Four feet, eight inches?? That's when my heart started sinking. That's just too short. What if she can't drive a car? What if she always has to stand on a stool to reach the kitchen countertop. What if no boys want to ask her to the prom because, as cute as she is, she's just too little? And that's when I started to cry. I know what it's like to be short. I hated kids calling me "shrimp" and "short stuff". I hated it that none of the boys would flirt with me at the mall because they thought I was still just a little girl. I hated it when wise grownups would tell me that even though I looked young now, when I was in my 30's and I still looked like I was in my 20's I would be grateful. (Which is true by the way....but I hated hearing it then.) I just wanted to be normal. Rebekah and Julianne are both small. They handle it better than I did. According to Dr. Lindsay, Rebekah is like me, a late bloomer. I'm okay with her dealing with being short if I know that eventually she'll put on a growth spurt and end up normal like I did. But for Julianne...to be that short for her whole life? I don't want that for her.

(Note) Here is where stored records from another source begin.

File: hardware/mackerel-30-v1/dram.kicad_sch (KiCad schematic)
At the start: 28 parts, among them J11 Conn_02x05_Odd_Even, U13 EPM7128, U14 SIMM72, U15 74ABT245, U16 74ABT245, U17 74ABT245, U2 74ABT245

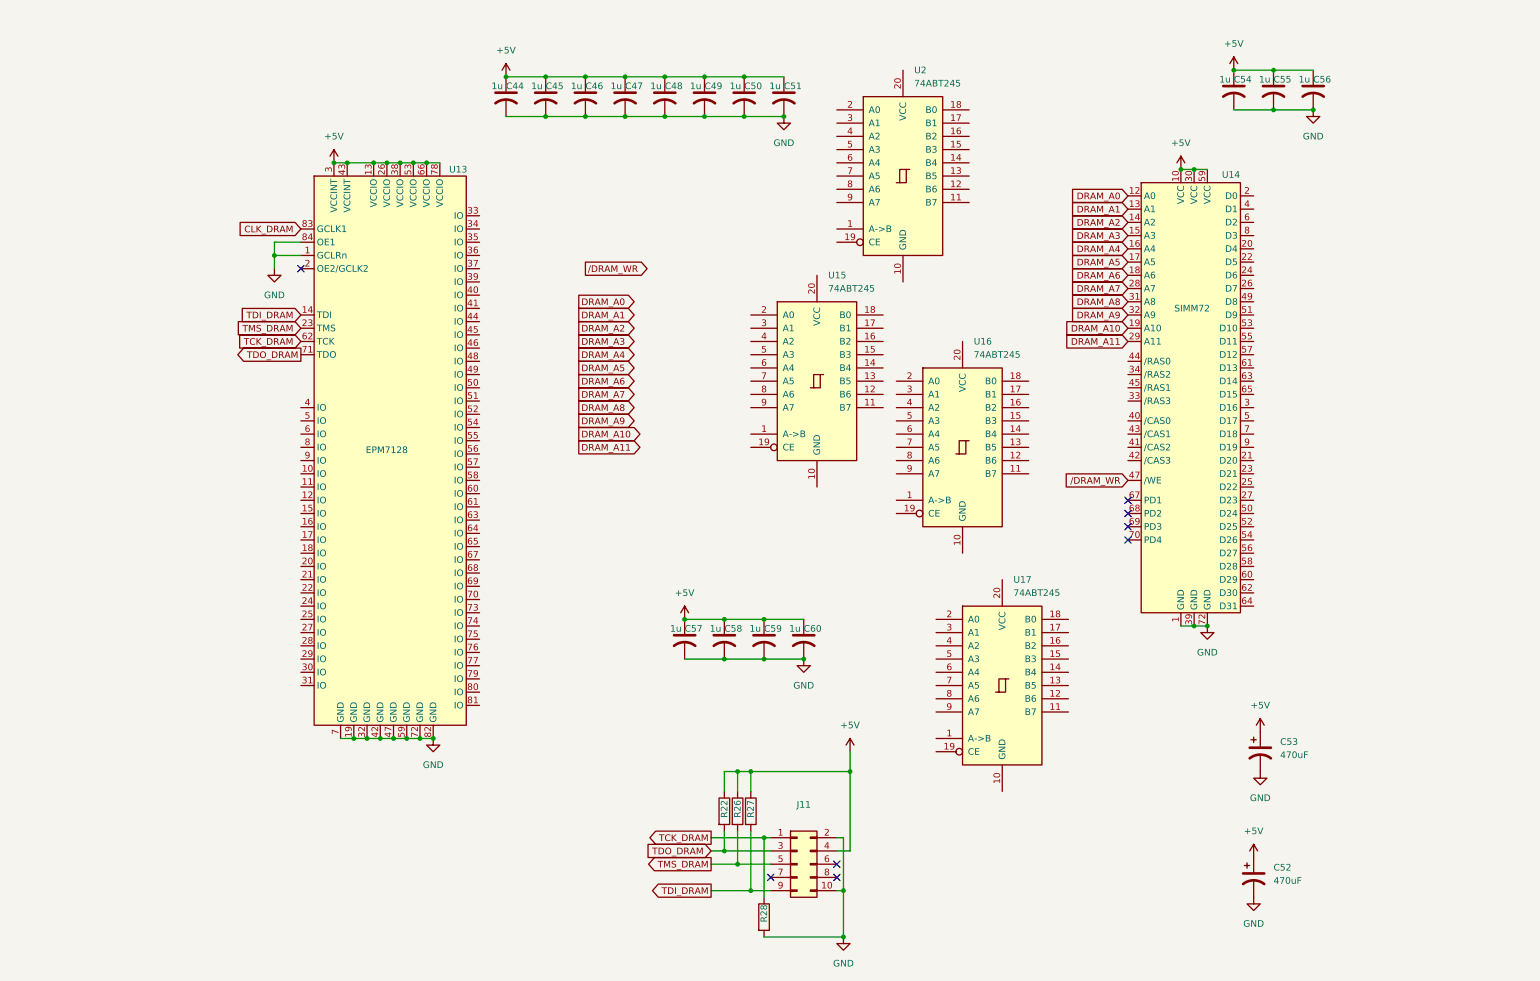
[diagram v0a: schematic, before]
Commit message: SIMM and data buffers mostly routed
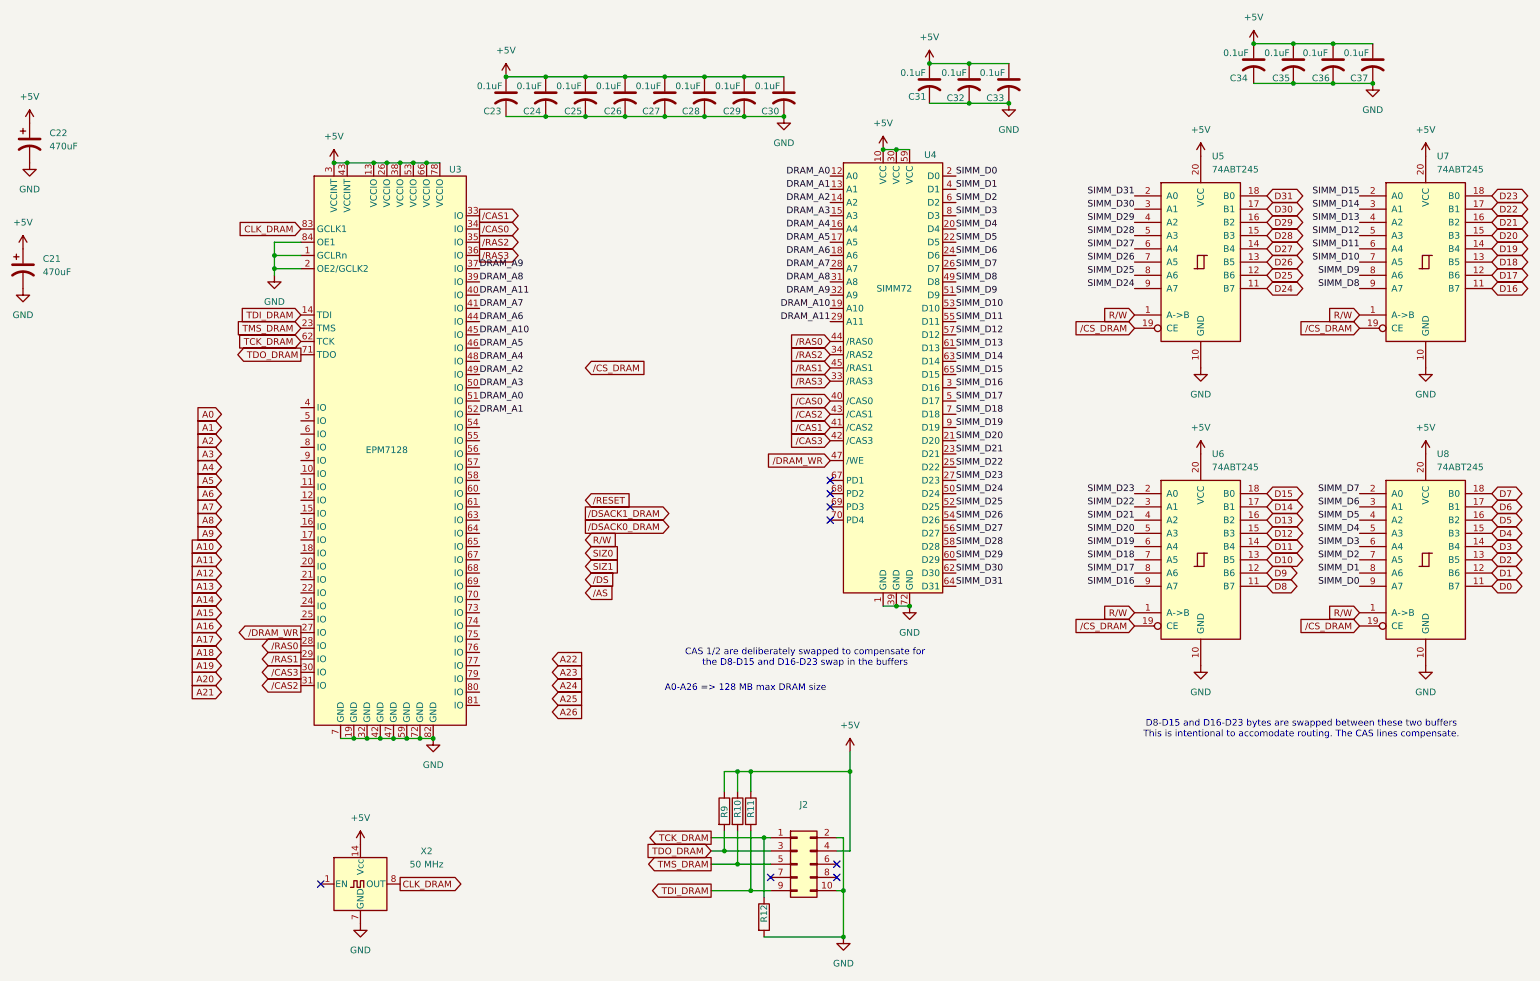
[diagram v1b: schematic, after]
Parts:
- added X2: 50 MHz, Oscillator:Oscillator_DIP-14, symbol Oscillator:CXO_DIP14
- C23: renamed from C44; value 1u -> 0.1uF; footprint Capacitor_SMD:C_0805_2012Metric_Pad1.18x1.45mm_HandSolder -> Capacitor_SMD:C_1206_3216Metric_Pad1.33x1.80mm_HandSolder
- C24: renamed from C45; value 1u -> 0.1uF; footprint Capacitor_SMD:C_0805_2012Metric_Pad1.18x1.45mm_HandSolder -> Capacitor_SMD:C_1206_3216Metric_Pad1.33x1.80mm_HandSolder
- C25: renamed from C46; value 1u -> 0.1uF; footprint Capacitor_SMD:C_0805_2012Metric_Pad1.18x1.45mm_HandSolder -> Capacitor_SMD:C_1206_3216Metric_Pad1.33x1.80mm_HandSolder
- C26: renamed from C47; value 1u -> 0.1uF; footprint Capacitor_SMD:C_0805_2012Metric_Pad1.18x1.45mm_HandSolder -> Capacitor_SMD:C_1206_3216Metric_Pad1.33x1.80mm_HandSolder
- C27: renamed from C48; value 1u -> 0.1uF; footprint Capacitor_SMD:C_0805_2012Metric_Pad1.18x1.45mm_HandSolder -> Capacitor_SMD:C_1206_3216Metric_Pad1.33x1.80mm_HandSolder
- C28: renamed from C49; value 1u -> 0.1uF; footprint Capacitor_SMD:C_0805_2012Metric_Pad1.18x1.45mm_HandSolder -> Capacitor_SMD:C_1206_3216Metric_Pad1.33x1.80mm_HandSolder
- C29: renamed from C50; value 1u -> 0.1uF; footprint Capacitor_SMD:C_0805_2012Metric_Pad1.18x1.45mm_HandSolder -> Capacitor_SMD:C_1206_3216Metric_Pad1.33x1.80mm_HandSolder
- C30: renamed from C51; value 1u -> 0.1uF; footprint Capacitor_SMD:C_0805_2012Metric_Pad1.18x1.45mm_HandSolder -> Capacitor_SMD:C_1206_3216Metric_Pad1.33x1.80mm_HandSolder
- C31: renamed from C54; value 1u -> 0.1uF; footprint Capacitor_SMD:C_0805_2012Metric_Pad1.18x1.45mm_HandSolder -> Capacitor_SMD:C_1206_3216Metric_Pad1.33x1.80mm_HandSolder
- C32: renamed from C55; value 1u -> 0.1uF; footprint Capacitor_SMD:C_0805_2012Metric_Pad1.18x1.45mm_HandSolder -> Capacitor_SMD:C_1206_3216Metric_Pad1.33x1.80mm_HandSolder
- C33: renamed from C56; value 1u -> 0.1uF; footprint Capacitor_SMD:C_0805_2012Metric_Pad1.18x1.45mm_HandSolder -> Capacitor_SMD:C_1206_3216Metric_Pad1.33x1.80mm_HandSolder
- C34: renamed from C57; value 1u -> 0.1uF; footprint Capacitor_SMD:C_0805_2012Metric_Pad1.18x1.45mm_HandSolder -> Capacitor_SMD:C_1206_3216Metric_Pad1.33x1.80mm_HandSolder
- C35: renamed from C58; value 1u -> 0.1uF; footprint Capacitor_SMD:C_0805_2012Metric_Pad1.18x1.45mm_HandSolder -> Capacitor_SMD:C_1206_3216Metric_Pad1.33x1.80mm_HandSolder
- C36: renamed from C59; value 1u -> 0.1uF; footprint Capacitor_SMD:C_0805_2012Metric_Pad1.18x1.45mm_HandSolder -> Capacitor_SMD:C_1206_3216Metric_Pad1.33x1.80mm_HandSolder
- C37: renamed from C60; value 1u -> 0.1uF; footprint Capacitor_SMD:C_0805_2012Metric_Pad1.18x1.45mm_HandSolder -> Capacitor_SMD:C_1206_3216Metric_Pad1.33x1.80mm_HandSolder
- R10: renamed from R26; footprint Resistor_THT:R_Axial_DIN0207_L6.3mm_D2.5mm_P7.62mm_Horizontal -> Resistor_SMD:R_1206_3216Metric_Pad1.30x1.75mm_HandSolder
- R11: renamed from R27; footprint Resistor_THT:R_Axial_DIN0207_L6.3mm_D2.5mm_P7.62mm_Horizontal -> Resistor_SMD:R_1206_3216Metric_Pad1.30x1.75mm_HandSolder
- R12: renamed from R28; footprint Resistor_THT:R_Axial_DIN0207_L6.3mm_D2.5mm_P7.62mm_Horizontal -> Resistor_SMD:R_1206_3216Metric_Pad1.30x1.75mm_HandSolder
- R9: renamed from R22; footprint Resistor_THT:R_Axial_DIN0207_L6.3mm_D2.5mm_P7.62mm_Horizontal -> Resistor_SMD:R_1206_3216Metric_Pad1.30x1.75mm_HandSolder
- renumbered C52 to C21, C53 to C22, J11 to J2, U13 to U3, U14 to U4, U15 to U5, U16 to U6, U2 to U7, U17 to U8
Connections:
- net +5V: now also U5.20 (VCC), U6.20 (VCC), U7.20 (VCC), U8.20 (VCC), X2.14 (Vcc)
- net CLK_DRAM: now also X2.8 (OUT)
- net DRAM_A0: now also U3.51 (IO)
- net DRAM_A1: now also U3.52 (IO)
- net DRAM_A10: now also U3.45 (IO)
- net DRAM_A11: now also U3.40 (IO)
- net DRAM_A2: now also U3.49 (IO)
- net DRAM_A3: now also U3.50 (IO)
- net DRAM_A4: now also U3.48 (IO)
- net DRAM_A5: now also U3.46 (IO)
- net DRAM_A6: now also U3.44 (IO)
- net DRAM_A7: now also U3.41 (IO)
- net DRAM_A8: now also U3.39 (IO)
- net DRAM_A9: now also U3.37 (IO)
- net GND: now also U3.2 (OE2/GCLK2), U5.10 (GND), U6.10 (GND), U7.10 (GND), U8.10 (GND), X2.7 (GND)
- net /DRAM_WR: now also U3.27 (IO)
- net R/W: now reaches U7.1 (A->B)
- net R/W: now also U5.1 (A->B), U6.1 (A->B), U8.1 (A->B)
- net D16: now reaches U7.11 (B7)
- net D17: now reaches U7.12 (B6)
- net D18: now reaches U7.13 (B5)
- net D19: now reaches U7.14 (B4)
- net D20: now reaches U7.15 (B3)
- net D21: now reaches U7.16 (B2)
- net D22: now reaches U7.17 (B1)
- net D23: now reaches U7.18 (B0)
- net /CS_DRAM: now reaches U7.19 (CE)
- net /CS_DRAM: now also U5.19 (CE), U6.19 (CE), U8.19 (CE)
- net SIMM_D15: now reaches U7.2 (A0)
- net SIMM_D15: now also U4.65 (D15)
- net SIMM_D14: now reaches U7.3 (A1)
- net SIMM_D14: now also U4.63 (D14)
- net SIMM_D13: now reaches U7.4 (A2)
- net SIMM_D13: now also U4.61 (D13)
- net SIMM_D12: now reaches U7.5 (A3)
- net SIMM_D12: now also U4.57 (D12)
- net SIMM_D11: now reaches U7.6 (A4)
- net SIMM_D11: now also U4.55 (D11)
- net SIMM_D10: now reaches U7.7 (A5)
- net SIMM_D10: now also U4.53 (D10)
- net SIMM_D9: now reaches U7.8 (A6)
- net SIMM_D9: now also U4.51 (D9)
- net SIMM_D8: now reaches U7.9 (A7)
- net SIMM_D8: now also U4.49 (D8)
- net D8: now reaches U6.11 (B7)
- net D9: now reaches U6.12 (B6)
- net D10: now reaches U6.13 (B5)
- net D11: now reaches U6.14 (B4)
- net D12: now reaches U6.15 (B3)
- net D13: now reaches U6.16 (B2)
- net D14: now reaches U6.17 (B1)
- net D15: now reaches U6.18 (B0)
- net SIMM_D23: now reaches U6.2 (A0)
- net SIMM_D23: now also U4.27 (D23)
- net SIMM_D22: now reaches U6.3 (A1)
- net SIMM_D22: now also U4.25 (D22)
- net SIMM_D21: now reaches U6.4 (A2)
- net SIMM_D21: now also U4.23 (D21)
- net SIMM_D20: now reaches U6.5 (A3)
- net SIMM_D20: now also U4.21 (D20)
- net SIMM_D19: now reaches U6.6 (A4)
- net SIMM_D19: now also U4.9 (D19)
- net SIMM_D18: now reaches U6.7 (A5)
- net SIMM_D18: now also U4.7 (D18)
- net SIMM_D17: now reaches U6.8 (A6)
- net SIMM_D17: now also U4.5 (D17)
- net SIMM_D16: now reaches U6.9 (A7)
- net SIMM_D16: now also U4.3 (D16)
- net SIMM_D0: now reaches U4.2 (D0)
- net SIMM_D0: now also U8.9 (A7)
- net SIMM_D4: now reaches U4.20 (D4)
- net SIMM_D4: now also U8.5 (A3)
- net SIMM_D5: now reaches U4.22 (D5)
- net SIMM_D5: now also U8.4 (A2)
- net SIMM_D6: now reaches U4.24 (D6)
- net SIMM_D6: now also U8.3 (A1)
- net SIMM_D7: now reaches U4.26 (D7)
- net SIMM_D7: now also U8.2 (A0)
- net /RAS3: now reaches U4.33 (/RAS3)
- net /RAS3: now also U3.36 (IO)
- net /RAS2: now reaches U4.34 (/RAS2)
- net /RAS2: now also U3.35 (IO)
- net SIMM_D1: now reaches U4.4 (D1)
- net SIMM_D1: now also U8.8 (A6)
- net /CAS0: now reaches U4.40 (/CAS0)
- net /CAS0: now also U3.34 (IO)
- net /CAS1: now reaches U4.41 (/CAS2)
- net /CAS1: now also U3.33 (IO)
- net /CAS3: now reaches U4.42 (/CAS3)
- net /CAS3: now also U3.30 (IO)
- net /CAS2: now reaches U4.43 (/CAS1)
- net /CAS2: now also U3.31 (IO)
- net /RAS0: now reaches U4.44 (/RAS0)
- net /RAS0: now also U3.28 (IO)
- net /RAS1: now reaches U4.45 (/RAS1)
- net /RAS1: now also U3.29 (IO)
- net SIMM_D24: now reaches U4.50 (D24)
- net SIMM_D24: now also U5.9 (A7)
- net SIMM_D25: now reaches U4.52 (D25)
- net SIMM_D25: now also U5.8 (A6)
- net SIMM_D26: now reaches U4.54 (D26)
- net SIMM_D26: now also U5.7 (A5)
- net SIMM_D27: now reaches U4.56 (D27)
- net SIMM_D27: now also U5.6 (A4)
- net SIMM_D28: now reaches U4.58 (D28)
- net SIMM_D28: now also U5.5 (A3)
- net SIMM_D2: now reaches U4.6 (D2)
- net SIMM_D2: now also U8.7 (A5)
- net SIMM_D29: now reaches U4.60 (D29)
- net SIMM_D29: now also U5.4 (A2)
- net SIMM_D30: now reaches U4.62 (D30)
- net SIMM_D30: now also U5.3 (A1)
- net SIMM_D31: now reaches U4.64 (D31)
- net SIMM_D31: now also U5.2 (A0)
- net SIMM_D3: now reaches U4.8 (D3)
- net SIMM_D3: now also U8.6 (A4)
- net D24: now reaches U5.11 (B7)
- net D25: now reaches U5.12 (B6)
- net D26: now reaches U5.13 (B5)
- net D27: now reaches U5.14 (B4)
- net D28: now reaches U5.15 (B3)
- net D29: now reaches U5.16 (B2)
- net D30: now reaches U5.17 (B1)
- net D31: now reaches U5.18 (B0)
- net D0: now reaches U8.11 (B7)
- net D1: now reaches U8.12 (B6)
- net D2: now reaches U8.13 (B5)
- net D3: now reaches U8.14 (B4)
- net D4: now reaches U8.15 (B3)
- net D5: now reaches U8.16 (B2)
- net D6: now reaches U8.17 (B1)
- net D7: now reaches U8.18 (B0)
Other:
- note added: "A0-A26 => 128 MB max DRAM size"
- note added: "CAS 1/2 are deliberately swapped to compensate for the D8-D15 and D16-D23 swap in the buffers"
- note added: "D8-D15 and D16-D23 bytes are swapped between these two buffers This is intentional to accomodate routing. The CAS lines compensate."
- moved on the sheet: C21, C22, C31, C32, C33, C34, C35, C36, C37, U4, U5, U6

So, Dr. Lindsay has now officially recommended we "intervene". And now Bryan, Julianne and I have to decide if we want to subject Julianne to growth hormone. It's expensive. Insurance companies don't like to pay for it. We're worried about side effects and risks. It's kind of tough making a decision now for something that may or may not happen in the future. Because when it comes right down to it, predicting Julianne's adult height really is just an educated guess. She's a healthy, happy little girl right now. It's not like she has some disease where it becomes obvious that she needs medical help. But I'd hate to do nothing and then watch her struggle...emotionally, physically....knowing we could've done something. So I guess we do research and we gather all the information we can and then we pray and pray and then pray some more that we will do what's right for Julianne.

This picture is of the test Julianne took yesterday. It was a more serious growth hormone test. She went in to the doctor's office fasting. They gave her some medication and sent her down to the lab to have her blood drawn a half hour later and then again a half hour after that. Then back up for another kind of medication and two more blood draws. She was amazing! Didn't flinch, didn't complain. The lab worker said Julianne was the best 11 year old she'd ever drawn blood from. I was so proud of my girl!